You are still hot in my book. I wanna dry hump u like a 9th grader then hump for real when the herpes is gone.
It usually only happens when Im really excited. Normally not that fast. You still enjoy it?
i just saw a woman using her birth control packet as a wallet.
I'm not really that drunk, but I think vampires should glow in the dark because otherwise it's just unfair
Found more tequila
i bought a pregnancy test with dimes. Is that trashy?
At my internship. I get drug tested tmr at 2
Are they going to pay you for the one day you worked?
with your vagina and my liver, anything is possible
We played shuffleboard at the bar last night...another sign we are getting tooooo old.
so some random man just messaged me on facebook "tig ol bitties" should i be concerned?
I broke his nose at the bar and he still went home with me.
You are softly singing to the wall while slow dancing with it. I feel as though you should discontinue this behavior.
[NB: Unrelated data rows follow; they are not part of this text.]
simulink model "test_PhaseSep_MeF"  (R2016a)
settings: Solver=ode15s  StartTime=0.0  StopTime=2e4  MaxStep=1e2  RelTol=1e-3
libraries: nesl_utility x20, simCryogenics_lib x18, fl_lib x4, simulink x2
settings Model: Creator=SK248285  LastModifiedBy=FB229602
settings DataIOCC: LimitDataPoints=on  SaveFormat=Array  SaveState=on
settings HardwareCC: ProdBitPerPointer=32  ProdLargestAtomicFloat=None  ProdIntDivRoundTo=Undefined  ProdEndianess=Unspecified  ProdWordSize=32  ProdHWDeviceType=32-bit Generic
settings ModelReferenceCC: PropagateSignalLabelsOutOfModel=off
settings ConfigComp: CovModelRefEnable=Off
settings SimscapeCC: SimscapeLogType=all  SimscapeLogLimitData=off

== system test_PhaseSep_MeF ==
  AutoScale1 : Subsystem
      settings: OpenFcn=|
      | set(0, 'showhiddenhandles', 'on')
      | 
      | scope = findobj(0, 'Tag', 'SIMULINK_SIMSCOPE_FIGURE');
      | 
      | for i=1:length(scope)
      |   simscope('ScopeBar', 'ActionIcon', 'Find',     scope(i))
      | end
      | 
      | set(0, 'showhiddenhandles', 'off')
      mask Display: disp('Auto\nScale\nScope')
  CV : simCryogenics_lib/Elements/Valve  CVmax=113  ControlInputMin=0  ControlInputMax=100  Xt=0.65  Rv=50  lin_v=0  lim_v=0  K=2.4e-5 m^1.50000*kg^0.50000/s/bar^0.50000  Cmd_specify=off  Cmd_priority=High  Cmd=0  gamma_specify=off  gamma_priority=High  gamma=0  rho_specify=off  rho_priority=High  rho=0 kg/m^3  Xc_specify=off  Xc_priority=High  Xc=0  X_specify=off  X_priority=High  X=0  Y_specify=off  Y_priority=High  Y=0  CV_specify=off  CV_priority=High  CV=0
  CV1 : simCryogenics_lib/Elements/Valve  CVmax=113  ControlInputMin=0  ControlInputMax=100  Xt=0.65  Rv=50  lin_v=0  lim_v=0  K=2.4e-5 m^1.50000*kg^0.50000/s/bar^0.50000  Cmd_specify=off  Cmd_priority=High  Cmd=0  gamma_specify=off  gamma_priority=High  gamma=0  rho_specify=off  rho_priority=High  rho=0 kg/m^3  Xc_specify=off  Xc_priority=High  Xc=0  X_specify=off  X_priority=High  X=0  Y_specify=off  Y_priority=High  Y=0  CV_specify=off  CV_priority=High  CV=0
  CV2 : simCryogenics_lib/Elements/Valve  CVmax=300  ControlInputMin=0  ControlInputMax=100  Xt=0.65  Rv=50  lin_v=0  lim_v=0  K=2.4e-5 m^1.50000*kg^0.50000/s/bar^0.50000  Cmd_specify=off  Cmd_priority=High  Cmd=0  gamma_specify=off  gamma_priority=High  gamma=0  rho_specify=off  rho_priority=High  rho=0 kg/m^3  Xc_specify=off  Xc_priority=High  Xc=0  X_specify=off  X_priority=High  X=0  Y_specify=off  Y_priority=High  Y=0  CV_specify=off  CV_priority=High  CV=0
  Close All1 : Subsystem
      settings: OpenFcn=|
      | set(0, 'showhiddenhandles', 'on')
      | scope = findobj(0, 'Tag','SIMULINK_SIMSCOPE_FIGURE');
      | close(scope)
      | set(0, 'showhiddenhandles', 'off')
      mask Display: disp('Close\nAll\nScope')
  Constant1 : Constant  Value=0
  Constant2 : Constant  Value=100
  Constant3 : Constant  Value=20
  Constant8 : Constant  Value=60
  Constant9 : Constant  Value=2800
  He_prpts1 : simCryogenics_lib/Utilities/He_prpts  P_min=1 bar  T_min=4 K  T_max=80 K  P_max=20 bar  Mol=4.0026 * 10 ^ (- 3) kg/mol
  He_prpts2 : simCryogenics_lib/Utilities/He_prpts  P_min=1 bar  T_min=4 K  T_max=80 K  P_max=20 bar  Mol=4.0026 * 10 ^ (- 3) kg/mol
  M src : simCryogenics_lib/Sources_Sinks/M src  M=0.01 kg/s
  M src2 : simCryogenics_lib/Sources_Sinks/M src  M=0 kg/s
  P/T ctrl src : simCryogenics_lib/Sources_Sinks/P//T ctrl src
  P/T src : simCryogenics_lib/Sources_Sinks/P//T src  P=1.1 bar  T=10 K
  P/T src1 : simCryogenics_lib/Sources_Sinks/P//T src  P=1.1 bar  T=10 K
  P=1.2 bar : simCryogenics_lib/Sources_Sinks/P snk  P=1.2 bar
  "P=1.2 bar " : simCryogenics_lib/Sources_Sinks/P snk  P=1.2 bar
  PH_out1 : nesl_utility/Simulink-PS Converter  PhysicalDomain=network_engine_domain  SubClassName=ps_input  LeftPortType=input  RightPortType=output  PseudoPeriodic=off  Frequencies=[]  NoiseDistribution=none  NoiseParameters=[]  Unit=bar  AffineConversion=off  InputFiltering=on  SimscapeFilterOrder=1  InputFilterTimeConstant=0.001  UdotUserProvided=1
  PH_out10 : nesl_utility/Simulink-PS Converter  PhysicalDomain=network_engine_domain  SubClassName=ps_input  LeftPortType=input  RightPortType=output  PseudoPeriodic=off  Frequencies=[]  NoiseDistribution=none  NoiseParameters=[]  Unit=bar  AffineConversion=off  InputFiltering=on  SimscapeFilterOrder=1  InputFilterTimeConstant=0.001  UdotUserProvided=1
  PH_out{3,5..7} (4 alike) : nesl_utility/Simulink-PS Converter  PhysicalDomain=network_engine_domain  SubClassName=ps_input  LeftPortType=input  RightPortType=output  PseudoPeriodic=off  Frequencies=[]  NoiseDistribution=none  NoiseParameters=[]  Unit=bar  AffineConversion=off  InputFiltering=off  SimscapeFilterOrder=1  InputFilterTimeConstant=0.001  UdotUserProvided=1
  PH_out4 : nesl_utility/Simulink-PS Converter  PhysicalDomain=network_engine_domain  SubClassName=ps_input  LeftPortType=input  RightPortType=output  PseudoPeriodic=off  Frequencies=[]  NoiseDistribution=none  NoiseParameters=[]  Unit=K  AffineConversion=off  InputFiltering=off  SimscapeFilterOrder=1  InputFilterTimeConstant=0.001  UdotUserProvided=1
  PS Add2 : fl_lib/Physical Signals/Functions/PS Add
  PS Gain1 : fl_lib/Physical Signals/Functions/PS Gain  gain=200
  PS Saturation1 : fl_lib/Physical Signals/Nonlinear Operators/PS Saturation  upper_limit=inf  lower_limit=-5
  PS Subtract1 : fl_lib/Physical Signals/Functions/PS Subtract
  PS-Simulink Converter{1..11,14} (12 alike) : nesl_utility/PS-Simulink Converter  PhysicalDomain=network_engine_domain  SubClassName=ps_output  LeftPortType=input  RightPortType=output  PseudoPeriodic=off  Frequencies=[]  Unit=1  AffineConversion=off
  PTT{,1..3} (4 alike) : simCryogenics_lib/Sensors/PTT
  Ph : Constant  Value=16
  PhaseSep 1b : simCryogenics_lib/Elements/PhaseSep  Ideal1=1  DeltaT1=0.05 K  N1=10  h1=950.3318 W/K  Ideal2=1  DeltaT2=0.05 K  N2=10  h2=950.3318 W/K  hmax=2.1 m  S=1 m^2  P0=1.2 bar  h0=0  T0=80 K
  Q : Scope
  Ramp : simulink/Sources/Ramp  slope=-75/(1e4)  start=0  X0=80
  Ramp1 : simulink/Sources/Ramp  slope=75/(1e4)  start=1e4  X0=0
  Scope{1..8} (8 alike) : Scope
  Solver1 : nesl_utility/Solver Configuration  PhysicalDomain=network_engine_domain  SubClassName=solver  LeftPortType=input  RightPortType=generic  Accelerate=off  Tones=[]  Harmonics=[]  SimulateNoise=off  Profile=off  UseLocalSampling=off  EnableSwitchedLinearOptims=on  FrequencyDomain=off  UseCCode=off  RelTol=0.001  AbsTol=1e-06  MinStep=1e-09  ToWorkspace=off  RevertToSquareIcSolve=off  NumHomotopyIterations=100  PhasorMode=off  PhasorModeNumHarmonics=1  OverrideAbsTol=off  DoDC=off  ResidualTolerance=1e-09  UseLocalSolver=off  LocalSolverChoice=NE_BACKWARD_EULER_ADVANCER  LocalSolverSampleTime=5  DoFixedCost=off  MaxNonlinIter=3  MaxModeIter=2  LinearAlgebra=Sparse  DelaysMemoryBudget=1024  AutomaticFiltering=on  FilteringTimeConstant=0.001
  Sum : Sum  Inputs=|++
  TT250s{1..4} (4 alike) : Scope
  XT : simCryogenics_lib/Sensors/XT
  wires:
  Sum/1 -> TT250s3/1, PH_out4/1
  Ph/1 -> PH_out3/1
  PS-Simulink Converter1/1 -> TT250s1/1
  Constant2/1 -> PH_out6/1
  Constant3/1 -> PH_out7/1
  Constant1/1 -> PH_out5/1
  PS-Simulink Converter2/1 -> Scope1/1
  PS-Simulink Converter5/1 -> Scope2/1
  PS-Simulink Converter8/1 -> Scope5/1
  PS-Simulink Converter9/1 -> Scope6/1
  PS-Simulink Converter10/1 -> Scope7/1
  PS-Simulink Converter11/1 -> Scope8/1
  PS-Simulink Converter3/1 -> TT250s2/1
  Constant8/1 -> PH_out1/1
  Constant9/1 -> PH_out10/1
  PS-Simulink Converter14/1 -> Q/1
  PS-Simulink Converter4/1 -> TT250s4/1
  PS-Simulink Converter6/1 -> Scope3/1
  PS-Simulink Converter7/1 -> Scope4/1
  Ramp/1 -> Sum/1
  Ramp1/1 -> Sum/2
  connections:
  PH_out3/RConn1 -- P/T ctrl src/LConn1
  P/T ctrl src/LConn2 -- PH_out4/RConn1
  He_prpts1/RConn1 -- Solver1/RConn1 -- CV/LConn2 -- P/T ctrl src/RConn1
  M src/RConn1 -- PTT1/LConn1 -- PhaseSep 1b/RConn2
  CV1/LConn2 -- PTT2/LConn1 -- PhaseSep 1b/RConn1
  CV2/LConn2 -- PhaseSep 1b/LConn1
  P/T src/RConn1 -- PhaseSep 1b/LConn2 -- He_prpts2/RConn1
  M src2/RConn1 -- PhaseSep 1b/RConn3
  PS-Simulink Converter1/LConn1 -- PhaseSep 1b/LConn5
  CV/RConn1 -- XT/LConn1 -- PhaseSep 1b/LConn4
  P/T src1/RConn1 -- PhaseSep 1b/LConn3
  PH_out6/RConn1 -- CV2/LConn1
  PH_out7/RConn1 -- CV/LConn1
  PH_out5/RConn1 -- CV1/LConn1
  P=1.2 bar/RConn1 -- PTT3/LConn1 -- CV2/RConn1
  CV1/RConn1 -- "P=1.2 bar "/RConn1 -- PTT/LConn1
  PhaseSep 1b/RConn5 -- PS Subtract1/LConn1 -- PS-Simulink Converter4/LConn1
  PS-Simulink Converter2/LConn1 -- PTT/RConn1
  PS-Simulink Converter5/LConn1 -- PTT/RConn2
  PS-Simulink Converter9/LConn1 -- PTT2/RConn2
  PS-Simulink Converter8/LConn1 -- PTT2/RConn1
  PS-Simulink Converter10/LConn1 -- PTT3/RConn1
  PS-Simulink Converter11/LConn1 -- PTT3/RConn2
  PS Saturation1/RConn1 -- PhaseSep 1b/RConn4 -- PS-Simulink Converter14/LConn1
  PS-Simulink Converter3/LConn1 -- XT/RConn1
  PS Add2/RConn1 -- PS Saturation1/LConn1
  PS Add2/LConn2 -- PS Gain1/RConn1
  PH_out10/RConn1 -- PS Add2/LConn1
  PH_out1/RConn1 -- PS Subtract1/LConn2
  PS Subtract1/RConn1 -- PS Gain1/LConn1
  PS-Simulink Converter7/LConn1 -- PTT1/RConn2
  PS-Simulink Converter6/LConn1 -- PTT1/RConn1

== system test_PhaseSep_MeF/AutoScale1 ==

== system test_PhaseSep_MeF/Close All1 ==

It was like we had a conversation with our eyes.
Was it a good conversation?
It was an awkward, sexual conversation.
You threw up on his face 22 hours ago and now he's here holding your hand. I think he likes you.
He texted me at 4:30 in the morning saying "I'm not drunk but I think you're beautiful" and then a facebook message at 6 am saying "hi" and the subject was "oh"
she has no right to get mad at us for drinking during the wedding. she's the one that chose the bridesmaid dresses with pockets.